Following a significant increase from 55.8 to 68.1 in the January 2017 survey, the LMI Financial Condition Index, the broadest measure of economic conditions in the LMI community, retreated moderately in the July survey to 64.4 (Chart 1) (all references to an index are current conditions relative to the previous quarter unless stated otherwise)._ The drop came from a lower share of survey respondents that reported improving conditions. Perceptions of economic conditions relative to one year ago dropped more significantly, from 65.1 to 55.3. Both indexes of financial conditions are well below the neutral reading.
The decrease in the LMI Financial Conditions Index is consistent with other indicators, most of which also declined. In general, the declines in the indexes from the July survey appear, in part, to be bounce-backs from gains reported in the January survey relative to the July 2016 survey. Thus, the declines from the January survey appear to be more pronounced.
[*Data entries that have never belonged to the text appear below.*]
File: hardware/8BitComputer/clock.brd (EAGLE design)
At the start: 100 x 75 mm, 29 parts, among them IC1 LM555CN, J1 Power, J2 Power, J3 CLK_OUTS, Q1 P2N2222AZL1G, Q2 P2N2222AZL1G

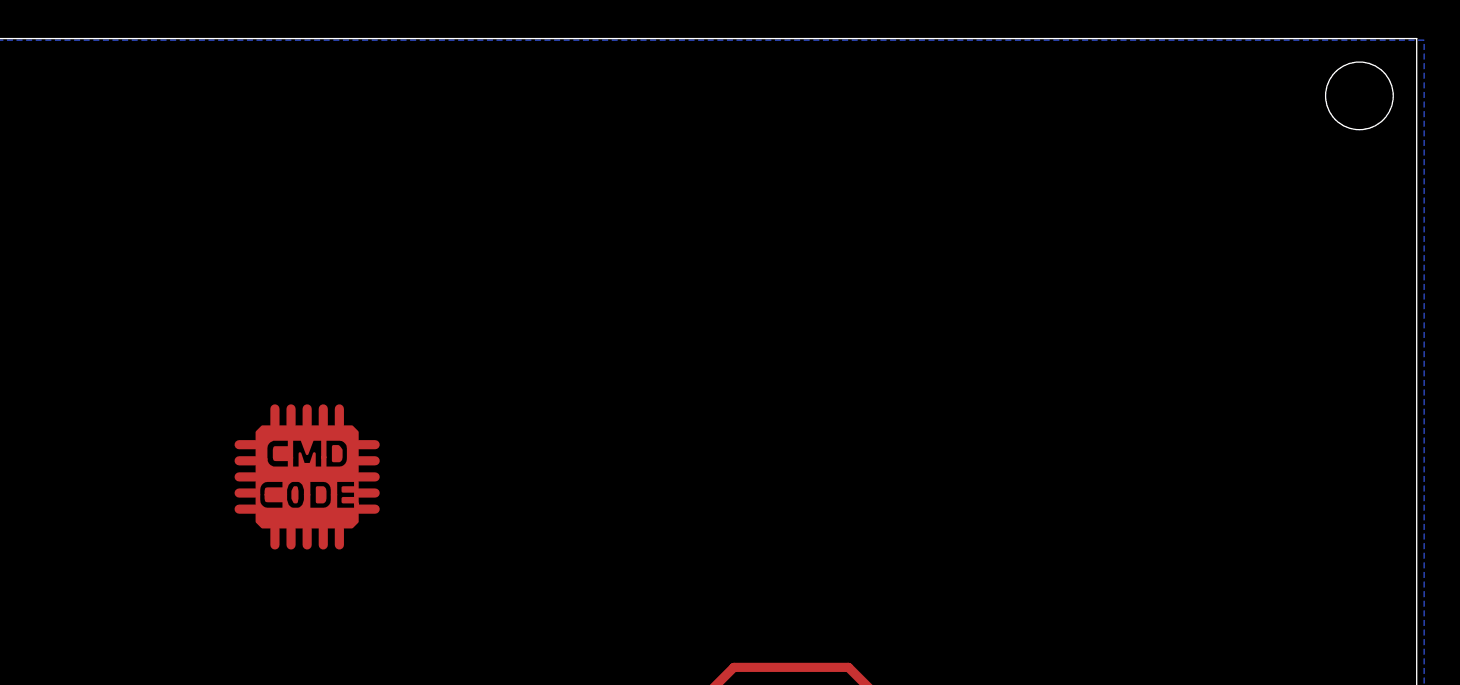
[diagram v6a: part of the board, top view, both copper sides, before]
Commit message: added holes back
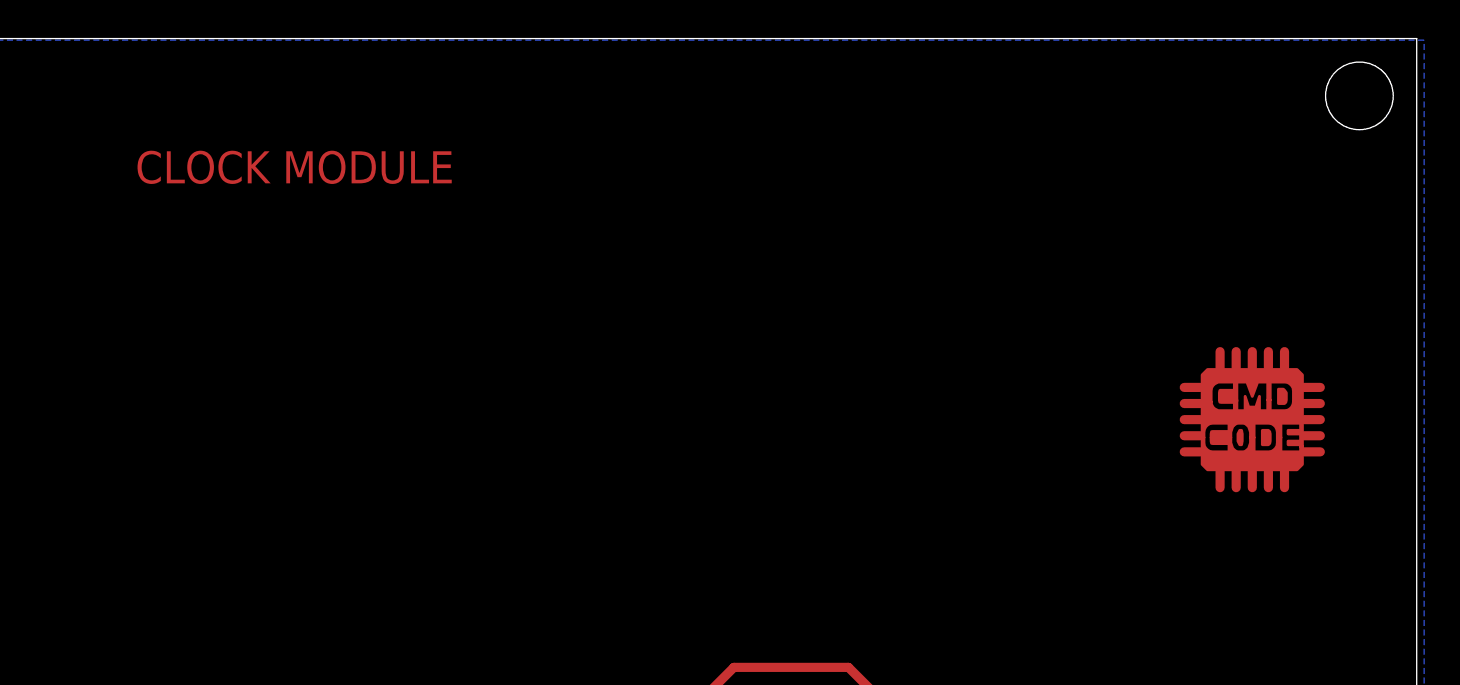
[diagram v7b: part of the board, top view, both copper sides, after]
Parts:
- moved U$3 42.0 mm to (92.7, 58.4)
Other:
- board text added: "CLOCK MODULE"
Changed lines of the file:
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@@
 <layer number="43" name="vRestrict" color="2" fill="10" visible="no" active="yes"/>
 <layer number="44" name="Drills" color="7" fill="1" visible="no" active="yes"/>
-<layer number="45" name="Holes" color="7" fill="1" visible="no" active="yes"/>
+<layer number="45" name="Holes" color="7" fill="1" visible="yes" active="yes"/>
 <layer number="46" name="Milling" color="3" fill="1" visible="no" active="yes"/>
 <layer number="47" name="Measures" color="7" fill="1" visible="no" active="yes"/>
@@
 <hole x="97.46" y="72.46" drill="3"/>
 <hole x="2.54" y="72.46" drill="3"/>
+<text x="43.18" y="68.58" size="1.4224" layer="1">CLOCK MODULE</text>
 </plain>
 <attributes>
@@
 <attribute name="VALUE" x="88.73" y="1.825" size="1.27" layer="27"/>
 </element>
-<element name="U$3" library="logos" package="CMD_C0DE_LOGO_TOP_COPPER" value="CMD_C0DE_LOGOCMD_CODE_LOGO_TOP_COPPER" x="50.8" y="55.88" smashed="yes"/>
+<element name="U$3" library="logos" package="CMD_C0DE_LOGO_TOP_COPPER" value="CMD_C0DE_LOGOCMD_CODE_LOGO_TOP_COPPER" x="92.71" y="58.42" smashed="yes"/>
 </elements>
 <signals>

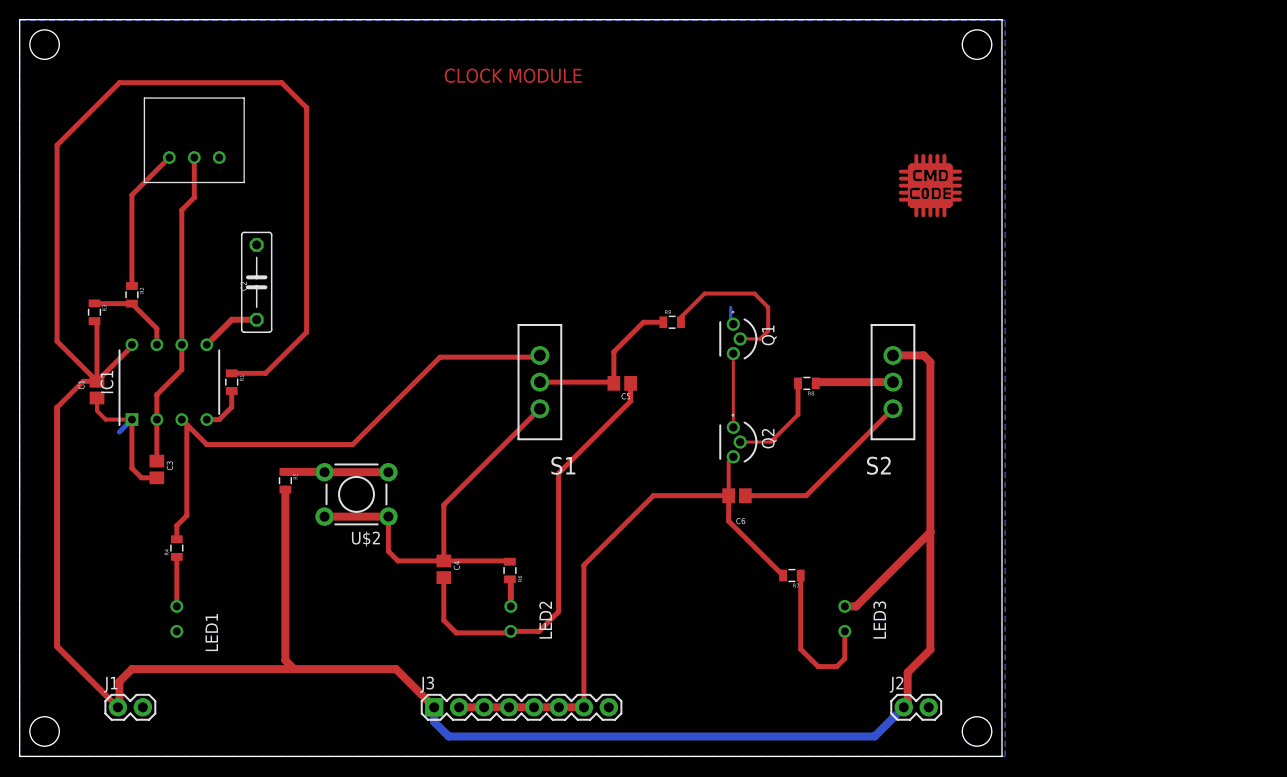
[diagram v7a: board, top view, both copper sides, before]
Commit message: updated clock to be a bit easier to solder by using bottom layer more. Thought here is that if the hole through pin only needs connection on one side then it should be the bottom so I don't have to solder both top and bottom of each pin
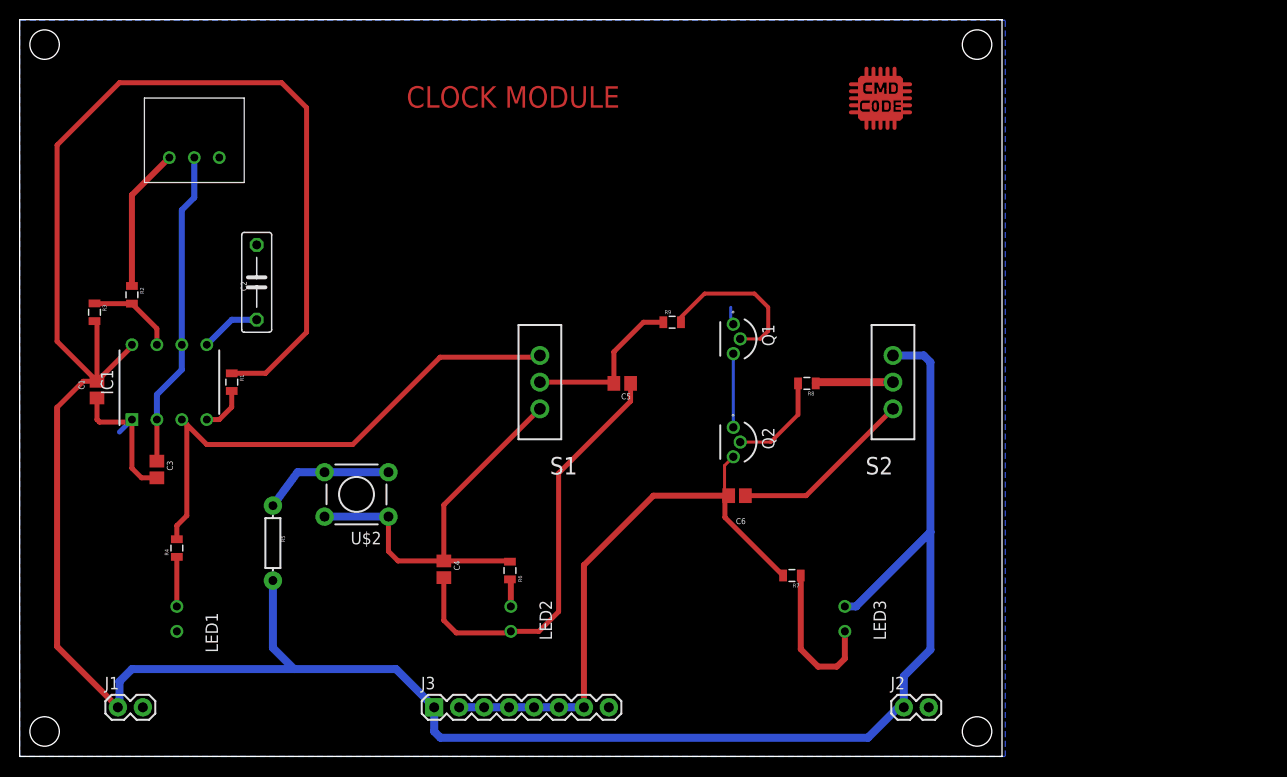
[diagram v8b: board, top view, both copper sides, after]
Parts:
- R5: device passives:0805 -> passives:AXIAL-0.3
- moved U$3 10.2 mm to (87.6, 67.3)
- moved R5 6.48 mm to (25.8, 21.7)
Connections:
- net N$6: now also R5.P$1; no longer R5.1
- net VCC5V: now also R5.P$2; no longer R5.2
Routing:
- net VCC5V: track 295.5 -> 287.5 mm
- net N$6: track 10.5 -> 13.5 mm
- net GND: track 79.2 -> 79.8 mm

The LMI Services Needs Index has remained well below neutral since the survey started in 2009 (Chart 2). The index fell from 57.3 in the January survey to 51.9 in the July survey (because survey respondents provide community and social services, higher demand is interpreted as an indication that economic conditions are deteriorating, and thus higher demand leads to lower index values). Only 4 percent of respondents reported that demand had decreased, while 52.2 percent reported an increase in demand for their services (the remainder reported no change in conditions). The index reflecting expectations for demand in the next quarter fell sharply from 64.6 to 49.7.
I-B. Labor Market Conditions
LMI Job Availability Index and Survey Comments
The LMI Job Availability Index changed little in the July survey, moving from 107.4 to 108.1. Its value, slightly above neutral, indicates continued modest improvement in job availability in the Tenth District for LMI workers (Chart 3). The consensus of survey respondents was that more jobs would be available in the near term as well, but fewer contacts held that view than in the last survey, pushing the “expectations index” down sharply from 126.6 to 107.8.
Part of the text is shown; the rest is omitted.